Rocks and hard places

In an earlier post I promised to expand on a recent incident where I pulled the pin on a conversational grenade. Yeah, and then I dropped that word ‘niggardly’ right into the middle of a chat.

I’ll begin by saying that to label a certain world leader a corrupt and ignorant buffoon is merely to call a spade a spade. Or so some might claim. 

But am I indeed allowed to do that these days? Can I call a spade a spade and remain civil, in PC terms? I could find myself caught between a rock and a hard place, with the radical right trolling the bejasus out of me for bad-mouthing their leader, while the radical left cancels me for implicit racism. 

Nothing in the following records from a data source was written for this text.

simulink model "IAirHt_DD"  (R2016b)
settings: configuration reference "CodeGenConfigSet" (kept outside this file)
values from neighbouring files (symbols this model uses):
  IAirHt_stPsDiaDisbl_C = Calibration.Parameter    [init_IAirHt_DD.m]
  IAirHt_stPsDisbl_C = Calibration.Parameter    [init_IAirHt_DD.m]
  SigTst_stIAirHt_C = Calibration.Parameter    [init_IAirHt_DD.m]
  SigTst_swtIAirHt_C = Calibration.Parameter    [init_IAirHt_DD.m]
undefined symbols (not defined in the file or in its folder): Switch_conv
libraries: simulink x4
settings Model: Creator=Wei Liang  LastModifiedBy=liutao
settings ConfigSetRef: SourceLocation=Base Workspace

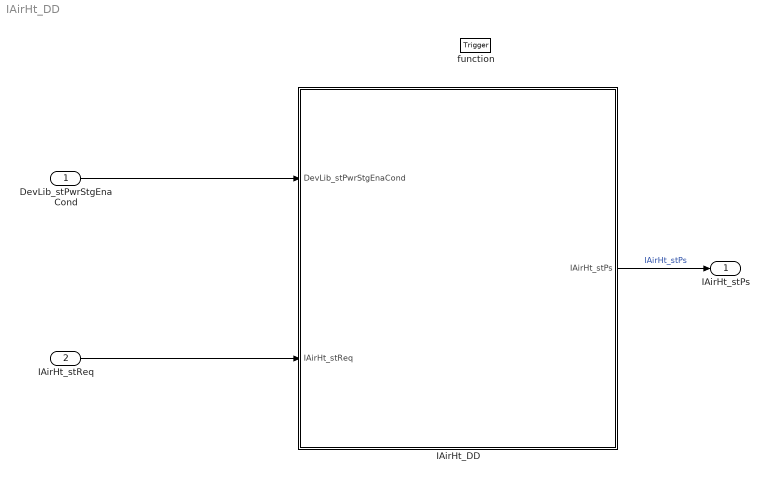
== system IAirHt_DD ==
  DevLib_stPwrStgEnaCond : Inport  Description=Control unit status relevant to power stage deactivation/error diagnosis  OutMin=0  OutMax=65535  OutDataTypeStr=State_uint16
  IAirHt_stReq : Inport  Description=Logical Output of Intake Air Heating  Port=2  OutMin=0  OutMax=1  OutDataTypeStr=boolean
  function : TriggerPort  TriggerType=function-call  VariantControl=Variant
  IAirHt_DD : Subsystem
  IAirHt_stPs : Outport  Description=Logical Output of Intake Air Heating  OutMin=0  OutMax=1  OutDataTypeStr=boolean
  wires:
  DevLib_stPwrStgEnaCond/1 -> IAirHt_DD/1(DevLib_stPwrStgEnaCond)
  IAirHt_stReq/1 -> IAirHt_DD/2(IAirHt_stReq)
  IAirHt_DD/1(IAirHt_stPs) -> IAirHt_stPs/1  "IAirHt_stPs"

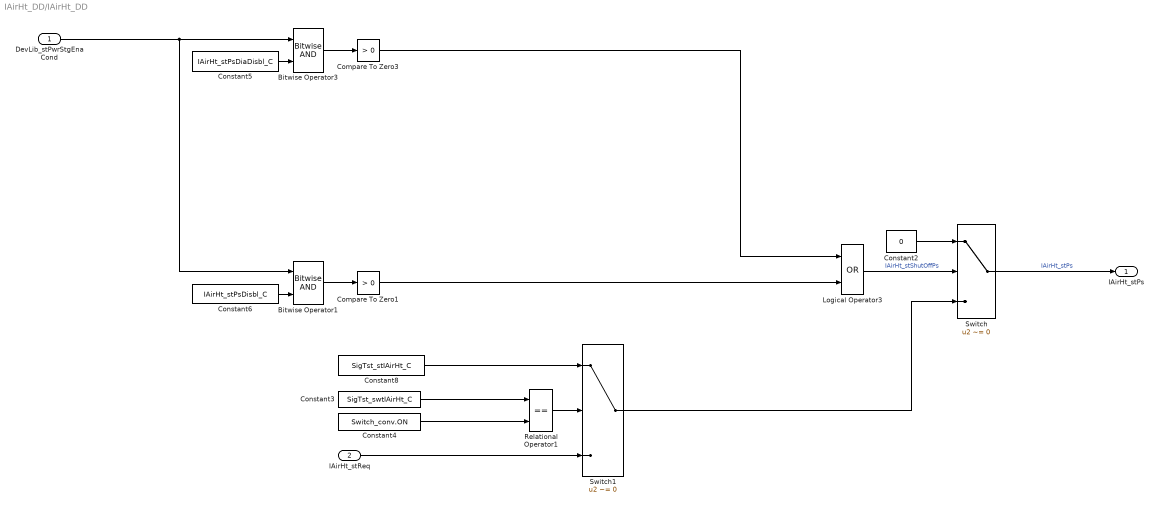
== system IAirHt_DD/IAirHt_DD ==
  DevLib_stPwrStgEnaCond : Inport  Description=Control unit status relevant to power stage deactivation/error diagnosis  OutMin=0  OutMax=65535  OutDataTypeStr=State_uint16
  IAirHt_stReq : Inport  Description=Logical Output of Intake Air Heating  Port=2  OutMin=0  OutMax=1  OutDataTypeStr=boolean
  Bitwise Operator1 : simulink/Logic and Bit Operations/Bitwise Operator  logicop=AND  UseBitMask=off  NumInputPorts=2  BitMask=bin2dec('00010000')  BitMaskRealWorld=Stored Integer
  Bitwise Operator3 : simulink/Logic and Bit Operations/Bitwise Operator  logicop=AND  UseBitMask=off  NumInputPorts=2  BitMask=bin2dec('00010000')  BitMaskRealWorld=Stored Integer
  Compare To Zero1 : simulink/Logic and Bit Operations/Compare To Zero  relop=>  OutDataTypeStr=uint8
  Compare To Zero3 : simulink/Logic and Bit Operations/Compare To Zero  relop=>  OutDataTypeStr=uint8
  Constant2 : Constant  Value=0  OutDataTypeStr=boolean  SampleTime=-1
  Constant3 : Constant  Value=SigTst_swtIAirHt_C
  Constant4 : Constant  Value=Switch_conv.ON
  Constant5 : Constant  Value=IAirHt_stPsDiaDisbl_C
  Constant6 : Constant  Value=IAirHt_stPsDisbl_C
  Constant8 : Constant  Value=SigTst_stIAirHt_C
  Logical Operator3 : Logic  Operator=OR  AllPortsSameDT=off  OutDataTypeStr=boolean
  Relational Operator1 : RelationalOperator  Operator===  OutDataTypeStr=boolean  RndMeth=Nearest
  Switch : Switch  Criteria=u2 ~= 0  SaturateOnIntegerOverflow=on  InputSameDT=on
  Switch1 : Switch  Criteria=u2 ~= 0  SaturateOnIntegerOverflow=on  InputSameDT=on
  IAirHt_stPs : Outport
  wires:
  Constant4/1 -> Relational Operator1/2
  Logical Operator3/1 -> Switch/2  "IAirHt_stShutOffPs"
  Compare To Zero1/1 -> Logical Operator3/2
  Constant2/1 -> Switch/1
  Switch/1 -> IAirHt_stPs/1  "IAirHt_stPs"
  Bitwise Operator3/1 -> Compare To Zero3/1
  Compare To Zero3/1 -> Logical Operator3/1
  DevLib_stPwrStgEnaCond/1 -> Bitwise Operator3/1, Bitwise Operator1/1
  Bitwise Operator1/1 -> Compare To Zero1/1
  Constant3/1 -> Relational Operator1/1
  Switch1/1 -> Switch/3
  Constant5/1 -> Bitwise Operator3/2
  Constant6/1 -> Bitwise Operator1/2
  IAirHt_stReq/1 -> Switch1/3
  Relational Operator1/1 -> Switch1/2
  Constant8/1 -> Switch1/1

I became sensitized to such issues during a recent phone conversation with an American friend. A Californian, in fact. My use of the word ‘niggardly’ elicited a gasp of horror followed by a pregnant silence. 

Eventually he regained his breath and told me this: “There are a lot of places back in the States you wouldn’t want to say that.” 

“Say what?” 

“You know.”


“The n-word.”


His gasp was less gaspy this time, but I could hear it. “Yes,” he said. 

Already I was online consulting an etymological dictionary. 

EtymologyNiggardly (noun: niggard) is an adjective meaning “stingy” or “miserly”. It is derived from the Middle English word nigard, which is probably derived from Old Norse nigla, meaning “to be poor”, which itself is most likely derived from hnøggr (“stingy”).

Nothing whatsoever to do with niger, the Latin for ‘black.’

It’s a slippery slope. Next thing we know, conceptual thought and language use are no longer admissible in woke company, since thoughts and words come burdened with transgressive pedigrees, actual or imagined, an inevitable baggage of power-hierarchical shenanigans, connotative blows and barbs to tender sensibilities everywhere. 

I said that in an earlier post, and I kind of like it. So I’m pleased to use it again here.  


I came across the following shortly after drafting the above – what some people, decades even before this was written (1993) would have referred to as ‘synchronicity,’ all the while fingering strings of beads draped around their necks. 

I first read Robert Hughes’ Culture of Complaint: The Fraying of America back around 2008. Even more than I did then, I’m finding Hughes a brilliant cultural critic and a wildly funny writer, skewering the thought police on both left and right with equal abandon, at the same time he chronicles the rise of anti-intellectualism in America and much more. Re-reading this collection of essays now I keep thinking how contemporary it remains, and how everybody should read it. 

Anticipating my remarks regarding woke proscriptions of ‘niggardly,’ Hughes had this to say: 

‘In an academic world where an administrator at the University of California in Santa Cruz could campaign against phrases like “a nip in the air” and “a chink in one’s armour”, on the grounds that such words have expressed racial disparagment in other contexts, anything is possible.’ But the waters of PC would eventually recede, Hughes believed, ‘leaving the predictable scum of dead words on the social beach.’

Now, about 18 years later, we can see he was quite wrong about the PC waters receding (if not about the flotsam of dead verbiage).

In the pages following that passage, Hughes also remarked how partisan language was exacerbating divisiveness in the US social and political spheres, and how domestic prejudices, socio-economic disparities of one sort and another and anti-elitism/anti-intellectualism had left a large portion of the population feeling disenfranchised — something that was to set the country up for Trump’s 2016 election win. 

Rather than review the whole book here, I’ll just recommend you read it. 

And here’s an additional bonus from the excellent Asia Times — the fuck liberals hypothesis is only part of this story.

4 thoughts on “Rocks and hard places”

  1. This is very interesting reading, again, from you Collin.

    That word, which originated from the old language here in Norway (my home land), is still spoken (more or less) in Iceland. Which is the old Norse/Viking language.
    Anyway, that word (nigla) has in Norway now become “gnien” (or “gniten” in some of the dialects here).